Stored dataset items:
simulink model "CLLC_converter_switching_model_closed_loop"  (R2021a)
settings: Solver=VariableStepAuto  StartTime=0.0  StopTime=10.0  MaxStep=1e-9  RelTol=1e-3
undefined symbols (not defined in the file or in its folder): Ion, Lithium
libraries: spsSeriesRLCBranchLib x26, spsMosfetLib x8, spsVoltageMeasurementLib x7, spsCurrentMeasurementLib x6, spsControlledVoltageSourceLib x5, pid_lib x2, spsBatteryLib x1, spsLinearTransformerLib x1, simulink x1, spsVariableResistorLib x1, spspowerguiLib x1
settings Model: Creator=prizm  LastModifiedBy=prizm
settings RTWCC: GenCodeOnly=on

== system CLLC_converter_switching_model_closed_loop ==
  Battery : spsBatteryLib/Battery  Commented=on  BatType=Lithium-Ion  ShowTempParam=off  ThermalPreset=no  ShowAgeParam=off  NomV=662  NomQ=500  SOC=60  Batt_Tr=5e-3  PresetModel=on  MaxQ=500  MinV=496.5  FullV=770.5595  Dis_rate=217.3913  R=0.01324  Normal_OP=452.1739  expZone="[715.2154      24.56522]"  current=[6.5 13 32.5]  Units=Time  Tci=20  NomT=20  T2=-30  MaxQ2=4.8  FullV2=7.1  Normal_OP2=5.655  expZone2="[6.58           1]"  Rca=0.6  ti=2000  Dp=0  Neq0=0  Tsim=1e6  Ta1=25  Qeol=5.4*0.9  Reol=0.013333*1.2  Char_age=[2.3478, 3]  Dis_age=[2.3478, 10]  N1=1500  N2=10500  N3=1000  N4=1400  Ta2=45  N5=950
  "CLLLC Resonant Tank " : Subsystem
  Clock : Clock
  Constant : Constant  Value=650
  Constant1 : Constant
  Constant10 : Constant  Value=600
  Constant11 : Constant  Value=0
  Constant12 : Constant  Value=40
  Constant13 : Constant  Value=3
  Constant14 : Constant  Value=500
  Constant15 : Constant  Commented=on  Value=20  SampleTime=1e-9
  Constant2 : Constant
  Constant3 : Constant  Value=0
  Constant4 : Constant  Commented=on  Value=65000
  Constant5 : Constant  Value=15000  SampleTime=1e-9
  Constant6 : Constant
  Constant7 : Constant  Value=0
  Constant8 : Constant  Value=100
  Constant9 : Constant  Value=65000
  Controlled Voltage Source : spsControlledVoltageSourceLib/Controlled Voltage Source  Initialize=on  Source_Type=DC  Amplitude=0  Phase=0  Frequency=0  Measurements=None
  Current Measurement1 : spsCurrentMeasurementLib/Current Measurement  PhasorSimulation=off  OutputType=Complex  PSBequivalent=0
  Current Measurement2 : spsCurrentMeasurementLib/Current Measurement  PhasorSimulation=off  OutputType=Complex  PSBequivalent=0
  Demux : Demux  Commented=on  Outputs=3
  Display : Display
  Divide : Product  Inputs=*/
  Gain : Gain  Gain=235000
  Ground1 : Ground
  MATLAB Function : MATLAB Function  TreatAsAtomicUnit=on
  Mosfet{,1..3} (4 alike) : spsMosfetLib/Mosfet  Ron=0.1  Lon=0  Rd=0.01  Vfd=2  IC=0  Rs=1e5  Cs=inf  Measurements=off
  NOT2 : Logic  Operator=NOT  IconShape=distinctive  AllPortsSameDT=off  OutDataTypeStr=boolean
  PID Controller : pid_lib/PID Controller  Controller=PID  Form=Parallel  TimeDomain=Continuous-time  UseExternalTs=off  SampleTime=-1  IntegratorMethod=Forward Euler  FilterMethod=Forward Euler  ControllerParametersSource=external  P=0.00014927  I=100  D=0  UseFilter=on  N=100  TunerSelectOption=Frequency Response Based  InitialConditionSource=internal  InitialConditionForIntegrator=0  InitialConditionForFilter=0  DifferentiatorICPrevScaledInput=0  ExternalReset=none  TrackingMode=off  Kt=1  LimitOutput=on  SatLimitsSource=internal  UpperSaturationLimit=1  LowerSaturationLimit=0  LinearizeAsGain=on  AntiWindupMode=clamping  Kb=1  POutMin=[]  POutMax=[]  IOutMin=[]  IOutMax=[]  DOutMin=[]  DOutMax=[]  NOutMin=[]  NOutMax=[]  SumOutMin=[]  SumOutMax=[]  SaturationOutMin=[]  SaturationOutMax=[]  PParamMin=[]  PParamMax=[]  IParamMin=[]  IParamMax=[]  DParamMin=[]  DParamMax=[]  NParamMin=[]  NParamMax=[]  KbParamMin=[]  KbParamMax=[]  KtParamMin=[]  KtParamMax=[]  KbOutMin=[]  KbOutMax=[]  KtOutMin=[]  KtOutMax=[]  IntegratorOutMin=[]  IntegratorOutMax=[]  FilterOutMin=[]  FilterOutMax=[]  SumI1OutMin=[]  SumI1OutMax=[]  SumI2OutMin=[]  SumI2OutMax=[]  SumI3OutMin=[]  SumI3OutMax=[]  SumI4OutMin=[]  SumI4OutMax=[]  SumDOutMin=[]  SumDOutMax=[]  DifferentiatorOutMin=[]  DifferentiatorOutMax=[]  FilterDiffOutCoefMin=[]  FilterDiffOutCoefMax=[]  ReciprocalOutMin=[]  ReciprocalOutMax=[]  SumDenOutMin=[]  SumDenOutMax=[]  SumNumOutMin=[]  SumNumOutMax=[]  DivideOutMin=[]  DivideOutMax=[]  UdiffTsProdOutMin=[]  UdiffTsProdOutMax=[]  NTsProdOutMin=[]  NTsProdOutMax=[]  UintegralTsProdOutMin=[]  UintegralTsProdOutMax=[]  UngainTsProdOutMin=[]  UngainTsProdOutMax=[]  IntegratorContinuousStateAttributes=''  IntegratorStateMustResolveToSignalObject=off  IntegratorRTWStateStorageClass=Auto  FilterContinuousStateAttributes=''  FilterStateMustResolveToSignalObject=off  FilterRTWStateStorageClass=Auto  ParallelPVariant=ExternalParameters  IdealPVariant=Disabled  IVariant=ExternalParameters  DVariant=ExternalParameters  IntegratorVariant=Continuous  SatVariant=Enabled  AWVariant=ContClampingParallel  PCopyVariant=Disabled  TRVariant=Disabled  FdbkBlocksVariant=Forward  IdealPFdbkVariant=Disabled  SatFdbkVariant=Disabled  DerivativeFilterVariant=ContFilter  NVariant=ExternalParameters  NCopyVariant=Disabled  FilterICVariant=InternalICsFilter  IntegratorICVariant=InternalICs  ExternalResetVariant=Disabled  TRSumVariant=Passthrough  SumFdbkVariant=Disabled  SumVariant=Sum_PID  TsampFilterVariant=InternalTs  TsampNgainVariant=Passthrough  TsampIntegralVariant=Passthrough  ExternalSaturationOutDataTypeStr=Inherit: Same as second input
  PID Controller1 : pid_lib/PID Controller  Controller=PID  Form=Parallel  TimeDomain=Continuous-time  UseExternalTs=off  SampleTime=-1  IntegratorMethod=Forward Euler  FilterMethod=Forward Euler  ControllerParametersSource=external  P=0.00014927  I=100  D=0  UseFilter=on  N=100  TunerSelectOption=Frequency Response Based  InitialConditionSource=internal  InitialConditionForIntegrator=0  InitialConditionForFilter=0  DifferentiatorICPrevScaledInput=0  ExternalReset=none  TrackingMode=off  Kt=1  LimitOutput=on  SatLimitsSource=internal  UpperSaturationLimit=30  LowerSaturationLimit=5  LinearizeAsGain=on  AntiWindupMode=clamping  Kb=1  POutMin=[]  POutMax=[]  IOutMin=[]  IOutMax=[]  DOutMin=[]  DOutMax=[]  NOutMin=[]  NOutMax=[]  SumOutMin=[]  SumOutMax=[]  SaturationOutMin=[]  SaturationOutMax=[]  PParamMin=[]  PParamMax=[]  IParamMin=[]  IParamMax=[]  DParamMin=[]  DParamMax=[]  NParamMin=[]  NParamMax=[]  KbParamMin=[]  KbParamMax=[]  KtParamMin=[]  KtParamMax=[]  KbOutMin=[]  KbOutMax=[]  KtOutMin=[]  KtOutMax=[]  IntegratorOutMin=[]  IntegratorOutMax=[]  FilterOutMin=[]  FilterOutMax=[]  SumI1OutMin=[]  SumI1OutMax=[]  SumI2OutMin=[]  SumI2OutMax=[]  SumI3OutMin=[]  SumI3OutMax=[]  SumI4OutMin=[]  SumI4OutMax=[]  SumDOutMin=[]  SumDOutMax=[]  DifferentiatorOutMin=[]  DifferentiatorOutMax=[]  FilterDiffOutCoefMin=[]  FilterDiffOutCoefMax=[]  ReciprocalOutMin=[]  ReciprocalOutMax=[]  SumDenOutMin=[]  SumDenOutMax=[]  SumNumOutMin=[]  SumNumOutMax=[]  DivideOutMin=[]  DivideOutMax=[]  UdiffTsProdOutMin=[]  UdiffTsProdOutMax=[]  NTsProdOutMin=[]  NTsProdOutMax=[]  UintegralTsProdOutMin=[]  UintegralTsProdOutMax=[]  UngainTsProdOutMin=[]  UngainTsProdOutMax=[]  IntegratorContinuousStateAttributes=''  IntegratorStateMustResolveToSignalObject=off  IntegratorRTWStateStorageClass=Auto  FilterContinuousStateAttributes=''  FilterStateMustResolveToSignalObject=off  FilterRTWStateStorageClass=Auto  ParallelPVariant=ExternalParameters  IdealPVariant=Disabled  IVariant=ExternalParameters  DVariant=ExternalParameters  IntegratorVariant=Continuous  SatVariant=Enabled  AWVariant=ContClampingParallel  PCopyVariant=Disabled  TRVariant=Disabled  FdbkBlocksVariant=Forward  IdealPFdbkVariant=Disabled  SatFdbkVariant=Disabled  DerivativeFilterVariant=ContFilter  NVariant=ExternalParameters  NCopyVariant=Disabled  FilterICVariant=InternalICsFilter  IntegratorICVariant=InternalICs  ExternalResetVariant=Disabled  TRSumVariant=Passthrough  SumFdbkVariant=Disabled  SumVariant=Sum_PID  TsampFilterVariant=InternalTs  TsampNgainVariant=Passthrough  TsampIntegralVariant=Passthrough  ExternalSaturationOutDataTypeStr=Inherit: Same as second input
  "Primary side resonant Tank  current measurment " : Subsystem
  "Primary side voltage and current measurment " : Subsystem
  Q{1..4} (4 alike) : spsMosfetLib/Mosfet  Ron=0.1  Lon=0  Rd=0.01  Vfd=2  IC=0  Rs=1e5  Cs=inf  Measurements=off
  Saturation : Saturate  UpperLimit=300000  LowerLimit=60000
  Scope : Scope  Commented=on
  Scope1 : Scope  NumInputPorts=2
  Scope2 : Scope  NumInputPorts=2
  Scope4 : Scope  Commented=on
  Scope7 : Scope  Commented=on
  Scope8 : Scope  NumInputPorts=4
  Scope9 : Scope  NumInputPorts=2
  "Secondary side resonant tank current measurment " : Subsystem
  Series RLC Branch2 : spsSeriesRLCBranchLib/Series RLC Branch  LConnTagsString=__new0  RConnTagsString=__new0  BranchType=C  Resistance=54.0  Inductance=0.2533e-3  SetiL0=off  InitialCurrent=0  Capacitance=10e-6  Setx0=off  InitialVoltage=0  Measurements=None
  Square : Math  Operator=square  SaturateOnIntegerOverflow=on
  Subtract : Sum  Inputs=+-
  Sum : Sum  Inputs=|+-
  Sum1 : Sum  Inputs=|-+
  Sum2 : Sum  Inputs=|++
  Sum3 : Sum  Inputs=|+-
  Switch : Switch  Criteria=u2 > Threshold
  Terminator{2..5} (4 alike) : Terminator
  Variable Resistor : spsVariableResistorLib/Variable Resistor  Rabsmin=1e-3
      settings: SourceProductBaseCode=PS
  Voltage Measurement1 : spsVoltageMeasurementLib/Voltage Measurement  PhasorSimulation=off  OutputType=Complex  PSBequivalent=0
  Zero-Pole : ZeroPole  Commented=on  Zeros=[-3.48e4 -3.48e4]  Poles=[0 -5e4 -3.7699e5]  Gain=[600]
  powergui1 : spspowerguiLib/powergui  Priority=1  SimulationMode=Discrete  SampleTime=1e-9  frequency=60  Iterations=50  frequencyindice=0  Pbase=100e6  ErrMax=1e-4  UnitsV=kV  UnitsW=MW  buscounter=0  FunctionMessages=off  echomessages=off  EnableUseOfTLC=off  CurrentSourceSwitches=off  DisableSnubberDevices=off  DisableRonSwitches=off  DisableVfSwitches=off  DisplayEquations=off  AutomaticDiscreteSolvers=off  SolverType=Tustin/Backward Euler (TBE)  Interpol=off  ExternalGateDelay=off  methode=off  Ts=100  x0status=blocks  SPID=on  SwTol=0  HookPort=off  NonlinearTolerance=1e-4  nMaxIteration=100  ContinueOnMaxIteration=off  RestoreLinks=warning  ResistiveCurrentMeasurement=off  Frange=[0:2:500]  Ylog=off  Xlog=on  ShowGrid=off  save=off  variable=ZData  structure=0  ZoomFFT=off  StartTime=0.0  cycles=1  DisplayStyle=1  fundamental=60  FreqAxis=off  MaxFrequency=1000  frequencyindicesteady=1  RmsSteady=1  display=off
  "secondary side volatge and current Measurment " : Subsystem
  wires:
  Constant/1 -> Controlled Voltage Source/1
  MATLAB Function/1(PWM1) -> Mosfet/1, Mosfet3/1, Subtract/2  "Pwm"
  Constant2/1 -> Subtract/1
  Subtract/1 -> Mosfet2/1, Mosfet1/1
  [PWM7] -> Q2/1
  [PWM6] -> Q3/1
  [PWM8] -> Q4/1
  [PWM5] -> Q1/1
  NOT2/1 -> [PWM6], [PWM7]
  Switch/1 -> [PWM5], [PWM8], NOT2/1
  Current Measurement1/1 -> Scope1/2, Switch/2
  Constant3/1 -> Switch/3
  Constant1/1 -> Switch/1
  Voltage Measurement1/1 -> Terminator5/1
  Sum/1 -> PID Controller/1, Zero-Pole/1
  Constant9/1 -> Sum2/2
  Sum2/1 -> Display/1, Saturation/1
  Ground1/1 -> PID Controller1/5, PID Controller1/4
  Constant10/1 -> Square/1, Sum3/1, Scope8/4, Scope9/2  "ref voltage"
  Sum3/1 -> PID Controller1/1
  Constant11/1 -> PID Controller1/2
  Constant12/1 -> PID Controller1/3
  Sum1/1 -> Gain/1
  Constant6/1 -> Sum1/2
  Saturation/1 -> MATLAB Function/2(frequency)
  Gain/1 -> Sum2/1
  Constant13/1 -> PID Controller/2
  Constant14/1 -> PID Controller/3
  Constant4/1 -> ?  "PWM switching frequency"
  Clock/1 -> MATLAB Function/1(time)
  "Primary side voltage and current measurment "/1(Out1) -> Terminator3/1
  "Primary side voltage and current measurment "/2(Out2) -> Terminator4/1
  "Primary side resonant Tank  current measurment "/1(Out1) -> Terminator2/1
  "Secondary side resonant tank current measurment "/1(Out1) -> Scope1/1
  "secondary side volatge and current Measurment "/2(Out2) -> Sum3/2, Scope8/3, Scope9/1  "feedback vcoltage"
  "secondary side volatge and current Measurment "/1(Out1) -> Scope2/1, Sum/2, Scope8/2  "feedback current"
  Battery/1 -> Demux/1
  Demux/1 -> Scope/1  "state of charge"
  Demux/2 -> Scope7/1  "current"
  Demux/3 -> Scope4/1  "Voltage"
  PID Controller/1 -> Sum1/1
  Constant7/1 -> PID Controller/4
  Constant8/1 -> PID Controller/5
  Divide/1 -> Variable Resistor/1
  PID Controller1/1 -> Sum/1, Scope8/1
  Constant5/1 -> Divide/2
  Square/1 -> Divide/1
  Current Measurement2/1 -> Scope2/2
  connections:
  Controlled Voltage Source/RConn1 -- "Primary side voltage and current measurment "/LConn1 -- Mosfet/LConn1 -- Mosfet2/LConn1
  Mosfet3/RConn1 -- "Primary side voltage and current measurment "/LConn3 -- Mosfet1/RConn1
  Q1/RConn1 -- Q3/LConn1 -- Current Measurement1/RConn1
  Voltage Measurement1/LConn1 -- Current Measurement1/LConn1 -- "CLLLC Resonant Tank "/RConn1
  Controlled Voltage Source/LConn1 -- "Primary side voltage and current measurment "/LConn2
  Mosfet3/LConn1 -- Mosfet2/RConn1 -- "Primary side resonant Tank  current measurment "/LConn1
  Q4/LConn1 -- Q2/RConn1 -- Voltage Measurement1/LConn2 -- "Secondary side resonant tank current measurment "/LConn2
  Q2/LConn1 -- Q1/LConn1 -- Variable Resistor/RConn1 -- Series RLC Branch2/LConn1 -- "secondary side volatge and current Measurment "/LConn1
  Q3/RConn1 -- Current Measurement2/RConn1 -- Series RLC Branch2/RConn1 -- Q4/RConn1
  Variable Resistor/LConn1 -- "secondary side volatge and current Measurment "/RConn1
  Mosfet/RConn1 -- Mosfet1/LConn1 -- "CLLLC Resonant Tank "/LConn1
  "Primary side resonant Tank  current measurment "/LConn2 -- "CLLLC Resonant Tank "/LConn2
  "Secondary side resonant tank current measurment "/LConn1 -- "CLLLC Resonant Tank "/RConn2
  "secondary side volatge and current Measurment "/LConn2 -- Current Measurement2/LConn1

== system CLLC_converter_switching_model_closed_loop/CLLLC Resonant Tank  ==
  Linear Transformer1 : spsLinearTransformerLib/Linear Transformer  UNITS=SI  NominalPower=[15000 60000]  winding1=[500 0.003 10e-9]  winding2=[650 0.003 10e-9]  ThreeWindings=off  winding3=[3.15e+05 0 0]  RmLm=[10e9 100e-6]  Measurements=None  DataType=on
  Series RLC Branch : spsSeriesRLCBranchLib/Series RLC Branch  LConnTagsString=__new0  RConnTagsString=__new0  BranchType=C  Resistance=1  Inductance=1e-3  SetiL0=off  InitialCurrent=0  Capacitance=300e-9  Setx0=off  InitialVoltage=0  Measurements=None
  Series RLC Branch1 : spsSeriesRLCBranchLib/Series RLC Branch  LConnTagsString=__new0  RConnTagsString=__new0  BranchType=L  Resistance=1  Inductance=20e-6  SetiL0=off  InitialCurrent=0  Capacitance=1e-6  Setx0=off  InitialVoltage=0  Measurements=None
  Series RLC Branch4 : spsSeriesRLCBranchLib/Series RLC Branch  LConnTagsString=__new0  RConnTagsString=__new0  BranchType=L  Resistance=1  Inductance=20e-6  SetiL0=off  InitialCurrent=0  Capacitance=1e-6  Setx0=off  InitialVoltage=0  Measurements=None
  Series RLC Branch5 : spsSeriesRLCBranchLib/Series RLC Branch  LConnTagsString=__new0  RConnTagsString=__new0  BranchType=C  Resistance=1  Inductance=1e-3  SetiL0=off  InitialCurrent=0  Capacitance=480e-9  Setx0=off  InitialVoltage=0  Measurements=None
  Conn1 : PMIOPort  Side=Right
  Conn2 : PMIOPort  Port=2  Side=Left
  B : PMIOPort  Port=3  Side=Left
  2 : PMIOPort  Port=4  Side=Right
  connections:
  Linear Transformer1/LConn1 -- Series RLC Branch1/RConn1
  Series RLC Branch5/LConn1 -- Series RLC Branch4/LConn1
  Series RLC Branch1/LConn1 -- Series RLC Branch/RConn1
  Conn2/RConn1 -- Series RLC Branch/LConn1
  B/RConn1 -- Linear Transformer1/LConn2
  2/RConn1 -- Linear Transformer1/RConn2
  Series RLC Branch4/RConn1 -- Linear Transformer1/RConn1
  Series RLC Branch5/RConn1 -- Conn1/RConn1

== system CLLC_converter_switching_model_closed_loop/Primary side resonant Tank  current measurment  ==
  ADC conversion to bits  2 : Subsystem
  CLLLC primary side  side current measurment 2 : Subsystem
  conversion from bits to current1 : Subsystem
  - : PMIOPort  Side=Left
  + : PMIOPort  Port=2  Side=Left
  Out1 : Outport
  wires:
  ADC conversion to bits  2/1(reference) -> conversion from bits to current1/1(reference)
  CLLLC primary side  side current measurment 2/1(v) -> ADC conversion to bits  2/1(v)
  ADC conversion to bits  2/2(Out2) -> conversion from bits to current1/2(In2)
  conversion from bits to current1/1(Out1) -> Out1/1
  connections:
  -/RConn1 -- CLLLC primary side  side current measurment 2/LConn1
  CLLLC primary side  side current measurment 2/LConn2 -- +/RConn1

- **WHAT IS EXPECTED**
Set down exactly the lines that begin the records and continue through the line bearing "Constant15 : Constant"; include both ends.

- **EXPECTED ANSWER**
simulink model "CLLC_converter_switching_model_closed_loop"  (R2021a)
settings: Solver=VariableStepAuto  StartTime=0.0  StopTime=10.0  MaxStep=1e-9  RelTol=1e-3
undefined symbols (not defined in the file or in its folder): Ion, Lithium
libraries: spsSeriesRLCBranchLib x26, spsMosfetLib x8, spsVoltageMeasurementLib x7, spsCurrentMeasurementLib x6, spsControlledVoltageSourceLib x5, pid_lib x2, spsBatteryLib x1, spsLinearTransformerLib x1, simulink x1, spsVariableResistorLib x1, spspowerguiLib x1
settings Model: Creator=prizm  LastModifiedBy=prizm
settings RTWCC: GenCodeOnly=on

== system CLLC_converter_switching_model_closed_loop ==
  Battery : spsBatteryLib/Battery  Commented=on  BatType=Lithium-Ion  ShowTempParam=off  ThermalPreset=no  ShowAgeParam=off  NomV=662  NomQ=500  SOC=60  Batt_Tr=5e-3  PresetModel=on  MaxQ=500  MinV=496.5  FullV=770.5595  Dis_rate=217.3913  R=0.01324  Normal_OP=452.1739  expZone="[715.2154      24.56522]"  current=[6.5 13 32.5]  Units=Time  Tci=20  NomT=20  T2=-30  MaxQ2=4.8  FullV2=7.1  Normal_OP2=5.655  expZone2="[6.58           1]"  Rca=0.6  ti=2000  Dp=0  Neq0=0  Tsim=1e6  Ta1=25  Qeol=5.4*0.9  Reol=0.013333*1.2  Char_age=[2.3478, 3]  Dis_age=[2.3478, 10]  N1=1500  N2=10500  N3=1000  N4=1400  Ta2=45  N5=950
  "CLLLC Resonant Tank " : Subsystem
  Clock : Clock
  Constant : Constant  Value=650
  Constant1 : Constant
  Constant10 : Constant  Value=600
  Constant11 : Constant  Value=0
  Constant12 : Constant  Value=40
  Constant13 : Constant  Value=3
  Constant14 : Constant  Value=500
  Constant15 : Constant  Commented=on  Value=20  SampleTime=1e-9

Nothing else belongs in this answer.